[Collected data]
--------------------
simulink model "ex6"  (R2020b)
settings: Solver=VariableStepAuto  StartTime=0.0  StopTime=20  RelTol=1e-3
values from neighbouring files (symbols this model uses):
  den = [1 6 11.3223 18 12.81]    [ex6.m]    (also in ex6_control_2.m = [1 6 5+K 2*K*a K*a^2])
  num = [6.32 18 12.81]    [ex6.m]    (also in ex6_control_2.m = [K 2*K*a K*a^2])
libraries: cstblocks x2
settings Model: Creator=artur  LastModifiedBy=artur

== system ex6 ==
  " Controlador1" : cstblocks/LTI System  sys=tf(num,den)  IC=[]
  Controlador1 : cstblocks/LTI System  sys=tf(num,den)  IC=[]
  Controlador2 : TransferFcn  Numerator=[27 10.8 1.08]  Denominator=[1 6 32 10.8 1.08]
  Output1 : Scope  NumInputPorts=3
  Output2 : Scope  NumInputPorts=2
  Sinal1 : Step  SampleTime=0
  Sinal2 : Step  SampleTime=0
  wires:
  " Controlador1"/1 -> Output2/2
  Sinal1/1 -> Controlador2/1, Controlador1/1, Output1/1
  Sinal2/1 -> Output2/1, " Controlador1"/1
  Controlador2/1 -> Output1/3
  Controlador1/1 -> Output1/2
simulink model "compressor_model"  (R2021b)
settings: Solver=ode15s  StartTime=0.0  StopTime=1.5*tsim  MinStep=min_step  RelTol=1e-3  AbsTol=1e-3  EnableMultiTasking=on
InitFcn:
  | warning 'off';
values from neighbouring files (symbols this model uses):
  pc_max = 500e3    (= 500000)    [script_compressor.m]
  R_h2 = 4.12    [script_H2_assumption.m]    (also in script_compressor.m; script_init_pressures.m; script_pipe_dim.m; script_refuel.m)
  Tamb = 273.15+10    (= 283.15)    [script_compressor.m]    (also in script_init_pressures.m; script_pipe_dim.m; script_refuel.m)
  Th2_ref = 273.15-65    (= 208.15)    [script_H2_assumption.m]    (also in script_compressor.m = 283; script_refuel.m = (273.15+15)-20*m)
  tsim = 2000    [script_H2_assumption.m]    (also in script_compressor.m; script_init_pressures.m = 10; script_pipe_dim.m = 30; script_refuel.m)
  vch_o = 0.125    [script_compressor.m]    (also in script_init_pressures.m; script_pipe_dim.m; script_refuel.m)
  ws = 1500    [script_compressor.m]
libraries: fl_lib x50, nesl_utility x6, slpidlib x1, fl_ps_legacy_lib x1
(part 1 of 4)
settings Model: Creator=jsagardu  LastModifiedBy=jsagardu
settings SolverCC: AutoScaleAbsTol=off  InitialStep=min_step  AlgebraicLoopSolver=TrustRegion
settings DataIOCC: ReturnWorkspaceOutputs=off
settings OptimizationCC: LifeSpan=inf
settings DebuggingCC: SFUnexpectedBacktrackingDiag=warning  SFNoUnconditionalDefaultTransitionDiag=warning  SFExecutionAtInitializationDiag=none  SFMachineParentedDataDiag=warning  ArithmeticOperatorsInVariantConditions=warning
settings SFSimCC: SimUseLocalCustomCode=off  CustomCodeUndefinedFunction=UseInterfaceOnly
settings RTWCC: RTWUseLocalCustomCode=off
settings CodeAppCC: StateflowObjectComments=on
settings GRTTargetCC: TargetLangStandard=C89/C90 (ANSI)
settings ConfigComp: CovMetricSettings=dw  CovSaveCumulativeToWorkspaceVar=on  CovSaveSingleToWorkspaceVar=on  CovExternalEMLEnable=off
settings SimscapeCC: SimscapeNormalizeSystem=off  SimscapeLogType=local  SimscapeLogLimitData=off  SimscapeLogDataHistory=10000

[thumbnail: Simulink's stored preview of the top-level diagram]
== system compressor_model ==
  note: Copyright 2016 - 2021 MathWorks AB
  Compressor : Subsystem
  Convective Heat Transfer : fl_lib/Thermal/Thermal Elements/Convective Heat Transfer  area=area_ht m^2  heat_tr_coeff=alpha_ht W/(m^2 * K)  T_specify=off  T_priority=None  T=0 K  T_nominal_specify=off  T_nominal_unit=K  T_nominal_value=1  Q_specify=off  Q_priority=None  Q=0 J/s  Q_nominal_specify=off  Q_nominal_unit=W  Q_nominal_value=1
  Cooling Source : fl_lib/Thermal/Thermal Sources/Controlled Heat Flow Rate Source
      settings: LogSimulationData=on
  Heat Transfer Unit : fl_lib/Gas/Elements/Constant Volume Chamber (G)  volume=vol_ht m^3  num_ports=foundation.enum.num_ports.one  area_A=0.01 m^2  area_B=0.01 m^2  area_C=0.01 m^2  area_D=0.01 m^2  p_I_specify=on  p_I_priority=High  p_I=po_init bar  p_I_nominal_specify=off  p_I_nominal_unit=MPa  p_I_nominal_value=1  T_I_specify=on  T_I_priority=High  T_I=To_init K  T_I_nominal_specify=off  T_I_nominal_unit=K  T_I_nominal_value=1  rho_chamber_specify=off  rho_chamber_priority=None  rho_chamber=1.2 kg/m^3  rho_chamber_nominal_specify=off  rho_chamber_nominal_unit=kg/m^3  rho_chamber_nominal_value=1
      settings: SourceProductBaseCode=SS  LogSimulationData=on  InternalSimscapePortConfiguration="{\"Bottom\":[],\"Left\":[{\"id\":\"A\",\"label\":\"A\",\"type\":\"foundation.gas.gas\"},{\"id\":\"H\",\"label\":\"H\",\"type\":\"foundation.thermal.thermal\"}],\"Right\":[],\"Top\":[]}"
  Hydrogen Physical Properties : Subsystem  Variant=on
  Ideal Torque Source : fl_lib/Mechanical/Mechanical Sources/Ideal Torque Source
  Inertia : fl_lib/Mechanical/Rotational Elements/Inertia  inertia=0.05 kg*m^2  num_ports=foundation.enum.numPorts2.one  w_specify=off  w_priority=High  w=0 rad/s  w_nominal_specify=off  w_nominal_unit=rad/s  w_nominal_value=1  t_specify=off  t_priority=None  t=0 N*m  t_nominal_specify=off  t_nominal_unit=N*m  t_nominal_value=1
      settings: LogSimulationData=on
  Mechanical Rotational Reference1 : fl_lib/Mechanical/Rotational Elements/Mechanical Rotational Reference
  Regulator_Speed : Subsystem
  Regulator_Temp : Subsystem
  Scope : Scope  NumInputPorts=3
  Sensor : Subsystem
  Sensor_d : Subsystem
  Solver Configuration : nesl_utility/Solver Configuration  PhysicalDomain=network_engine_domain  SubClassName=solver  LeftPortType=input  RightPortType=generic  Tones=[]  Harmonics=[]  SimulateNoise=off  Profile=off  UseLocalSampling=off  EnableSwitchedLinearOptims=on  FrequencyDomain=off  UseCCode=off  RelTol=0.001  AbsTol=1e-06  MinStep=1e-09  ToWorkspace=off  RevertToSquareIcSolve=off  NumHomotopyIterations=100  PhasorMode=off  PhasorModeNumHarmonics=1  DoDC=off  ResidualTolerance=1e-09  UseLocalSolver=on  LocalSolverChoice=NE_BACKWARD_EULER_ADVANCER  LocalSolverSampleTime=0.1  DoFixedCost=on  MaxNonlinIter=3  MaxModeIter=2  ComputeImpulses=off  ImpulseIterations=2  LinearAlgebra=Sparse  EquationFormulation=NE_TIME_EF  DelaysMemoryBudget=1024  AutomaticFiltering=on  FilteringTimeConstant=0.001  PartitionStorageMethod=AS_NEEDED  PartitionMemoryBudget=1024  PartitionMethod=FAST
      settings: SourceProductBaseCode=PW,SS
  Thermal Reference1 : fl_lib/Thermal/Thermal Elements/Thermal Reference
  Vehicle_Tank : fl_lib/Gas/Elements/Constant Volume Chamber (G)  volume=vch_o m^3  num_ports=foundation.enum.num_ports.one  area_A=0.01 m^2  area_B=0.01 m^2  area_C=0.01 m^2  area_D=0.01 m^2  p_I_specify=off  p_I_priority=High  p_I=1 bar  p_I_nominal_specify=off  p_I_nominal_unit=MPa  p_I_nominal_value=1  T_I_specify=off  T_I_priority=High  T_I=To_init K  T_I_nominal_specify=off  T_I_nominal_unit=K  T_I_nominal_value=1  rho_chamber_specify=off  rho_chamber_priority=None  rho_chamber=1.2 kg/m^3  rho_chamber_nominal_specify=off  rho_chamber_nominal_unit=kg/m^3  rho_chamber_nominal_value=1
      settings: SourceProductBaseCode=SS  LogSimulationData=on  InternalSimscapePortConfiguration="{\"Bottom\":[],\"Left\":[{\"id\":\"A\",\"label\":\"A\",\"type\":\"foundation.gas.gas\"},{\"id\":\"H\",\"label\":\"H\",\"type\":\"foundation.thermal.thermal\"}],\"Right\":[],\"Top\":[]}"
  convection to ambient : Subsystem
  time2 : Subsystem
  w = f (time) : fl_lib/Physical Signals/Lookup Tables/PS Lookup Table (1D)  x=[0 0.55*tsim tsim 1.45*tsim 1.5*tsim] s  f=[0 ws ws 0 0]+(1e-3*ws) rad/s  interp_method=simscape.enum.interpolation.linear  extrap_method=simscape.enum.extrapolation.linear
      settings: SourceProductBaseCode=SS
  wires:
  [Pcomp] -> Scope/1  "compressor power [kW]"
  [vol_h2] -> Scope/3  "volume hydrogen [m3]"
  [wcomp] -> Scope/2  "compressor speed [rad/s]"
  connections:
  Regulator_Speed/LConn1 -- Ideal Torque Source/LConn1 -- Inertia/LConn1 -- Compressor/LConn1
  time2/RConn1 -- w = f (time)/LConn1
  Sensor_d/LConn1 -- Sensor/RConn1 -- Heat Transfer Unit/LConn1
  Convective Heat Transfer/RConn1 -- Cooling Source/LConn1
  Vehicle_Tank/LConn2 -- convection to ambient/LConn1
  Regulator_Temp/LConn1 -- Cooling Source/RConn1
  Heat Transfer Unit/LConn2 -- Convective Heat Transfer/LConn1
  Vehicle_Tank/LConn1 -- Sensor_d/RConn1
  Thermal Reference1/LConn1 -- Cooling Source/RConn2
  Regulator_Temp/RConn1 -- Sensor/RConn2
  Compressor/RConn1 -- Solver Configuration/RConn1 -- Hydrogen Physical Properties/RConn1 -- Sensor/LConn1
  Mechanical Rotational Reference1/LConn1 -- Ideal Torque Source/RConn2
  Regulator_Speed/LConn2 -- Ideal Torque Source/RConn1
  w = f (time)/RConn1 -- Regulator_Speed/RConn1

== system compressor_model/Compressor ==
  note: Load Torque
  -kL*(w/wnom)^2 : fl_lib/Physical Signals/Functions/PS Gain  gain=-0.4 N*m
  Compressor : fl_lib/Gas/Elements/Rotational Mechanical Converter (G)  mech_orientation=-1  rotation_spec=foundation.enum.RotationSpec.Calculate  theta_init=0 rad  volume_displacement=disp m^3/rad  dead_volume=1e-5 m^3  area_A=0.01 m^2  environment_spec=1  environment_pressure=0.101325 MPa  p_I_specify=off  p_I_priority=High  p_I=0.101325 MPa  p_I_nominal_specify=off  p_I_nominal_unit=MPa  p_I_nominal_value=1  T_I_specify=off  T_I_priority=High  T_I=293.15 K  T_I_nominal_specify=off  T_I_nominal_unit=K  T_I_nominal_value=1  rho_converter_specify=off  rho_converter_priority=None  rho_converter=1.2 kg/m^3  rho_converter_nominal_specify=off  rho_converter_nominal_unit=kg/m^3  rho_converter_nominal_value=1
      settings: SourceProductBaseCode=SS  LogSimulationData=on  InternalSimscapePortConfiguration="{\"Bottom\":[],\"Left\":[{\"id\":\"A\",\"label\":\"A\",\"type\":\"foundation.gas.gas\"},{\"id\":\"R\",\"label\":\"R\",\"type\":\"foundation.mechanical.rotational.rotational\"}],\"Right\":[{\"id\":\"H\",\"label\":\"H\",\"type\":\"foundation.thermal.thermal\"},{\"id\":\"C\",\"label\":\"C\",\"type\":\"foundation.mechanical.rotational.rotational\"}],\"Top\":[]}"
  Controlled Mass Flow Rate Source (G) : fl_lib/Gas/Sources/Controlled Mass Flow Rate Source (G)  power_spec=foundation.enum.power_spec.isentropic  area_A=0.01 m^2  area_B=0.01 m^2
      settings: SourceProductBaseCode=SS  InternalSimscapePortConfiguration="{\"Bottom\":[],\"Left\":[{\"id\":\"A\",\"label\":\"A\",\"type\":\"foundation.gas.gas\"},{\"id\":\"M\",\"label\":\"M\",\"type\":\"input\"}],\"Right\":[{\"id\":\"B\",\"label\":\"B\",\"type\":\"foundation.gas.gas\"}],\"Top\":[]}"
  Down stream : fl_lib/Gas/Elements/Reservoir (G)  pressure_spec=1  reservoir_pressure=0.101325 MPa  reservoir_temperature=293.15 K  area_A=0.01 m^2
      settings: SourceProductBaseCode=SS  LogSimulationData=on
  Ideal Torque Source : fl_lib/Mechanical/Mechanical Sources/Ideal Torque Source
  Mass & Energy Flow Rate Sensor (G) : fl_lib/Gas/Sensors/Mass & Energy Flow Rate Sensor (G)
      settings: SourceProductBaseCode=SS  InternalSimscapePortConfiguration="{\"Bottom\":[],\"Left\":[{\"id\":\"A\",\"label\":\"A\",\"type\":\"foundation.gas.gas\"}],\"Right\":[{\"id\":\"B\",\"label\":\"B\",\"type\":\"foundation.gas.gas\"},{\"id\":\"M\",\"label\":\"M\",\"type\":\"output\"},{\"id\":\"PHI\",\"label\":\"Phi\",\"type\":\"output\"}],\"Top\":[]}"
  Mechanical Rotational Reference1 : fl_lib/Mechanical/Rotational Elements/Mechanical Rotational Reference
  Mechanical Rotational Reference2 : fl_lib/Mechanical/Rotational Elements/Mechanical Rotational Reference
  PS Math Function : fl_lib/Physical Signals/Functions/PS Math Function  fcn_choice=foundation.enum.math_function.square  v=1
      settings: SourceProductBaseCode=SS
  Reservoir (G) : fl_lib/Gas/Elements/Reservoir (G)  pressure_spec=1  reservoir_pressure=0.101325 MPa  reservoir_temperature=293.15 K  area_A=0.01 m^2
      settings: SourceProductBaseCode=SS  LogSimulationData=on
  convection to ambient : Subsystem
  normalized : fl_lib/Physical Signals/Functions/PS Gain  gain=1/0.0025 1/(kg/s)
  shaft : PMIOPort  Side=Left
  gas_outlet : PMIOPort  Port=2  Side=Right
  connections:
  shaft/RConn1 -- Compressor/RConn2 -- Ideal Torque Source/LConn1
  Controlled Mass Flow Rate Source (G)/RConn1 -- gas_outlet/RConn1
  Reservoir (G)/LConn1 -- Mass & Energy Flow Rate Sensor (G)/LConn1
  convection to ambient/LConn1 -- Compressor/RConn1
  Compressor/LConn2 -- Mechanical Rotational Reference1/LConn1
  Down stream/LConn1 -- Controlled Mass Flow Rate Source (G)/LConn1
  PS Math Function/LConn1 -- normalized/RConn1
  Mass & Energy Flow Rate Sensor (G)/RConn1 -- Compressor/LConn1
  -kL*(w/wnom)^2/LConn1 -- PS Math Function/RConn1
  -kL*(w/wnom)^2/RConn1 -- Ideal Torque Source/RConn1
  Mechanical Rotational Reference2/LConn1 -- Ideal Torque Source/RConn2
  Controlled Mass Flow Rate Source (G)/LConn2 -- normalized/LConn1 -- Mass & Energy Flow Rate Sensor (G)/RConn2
--------------------
◆ Problem details
Search the records above for the string "tsim". Copy every line that contains it.

◆ The completed task
settings: Solver=ode15s  StartTime=0.0  StopTime=1.5*tsim  MinStep=min_step  RelTol=1e-3  AbsTol=1e-3  EnableMultiTasking=on
  tsim = 2000    [script_H2_assumption.m]    (also in script_compressor.m; script_init_pressures.m = 10; script_pipe_dim.m = 30; script_refuel.m)
  w = f (time) : fl_lib/Physical Signals/Lookup Tables/PS Lookup Table (1D)  x=[0 0.55*tsim tsim 1.45*tsim 1.5*tsim] s  f=[0 ws ws 0 0]+(1e-3*ws) rad/s  interp_method=simscape.enum.interpolation.linear  extrap_method=simscape.enum.extrapolation.linear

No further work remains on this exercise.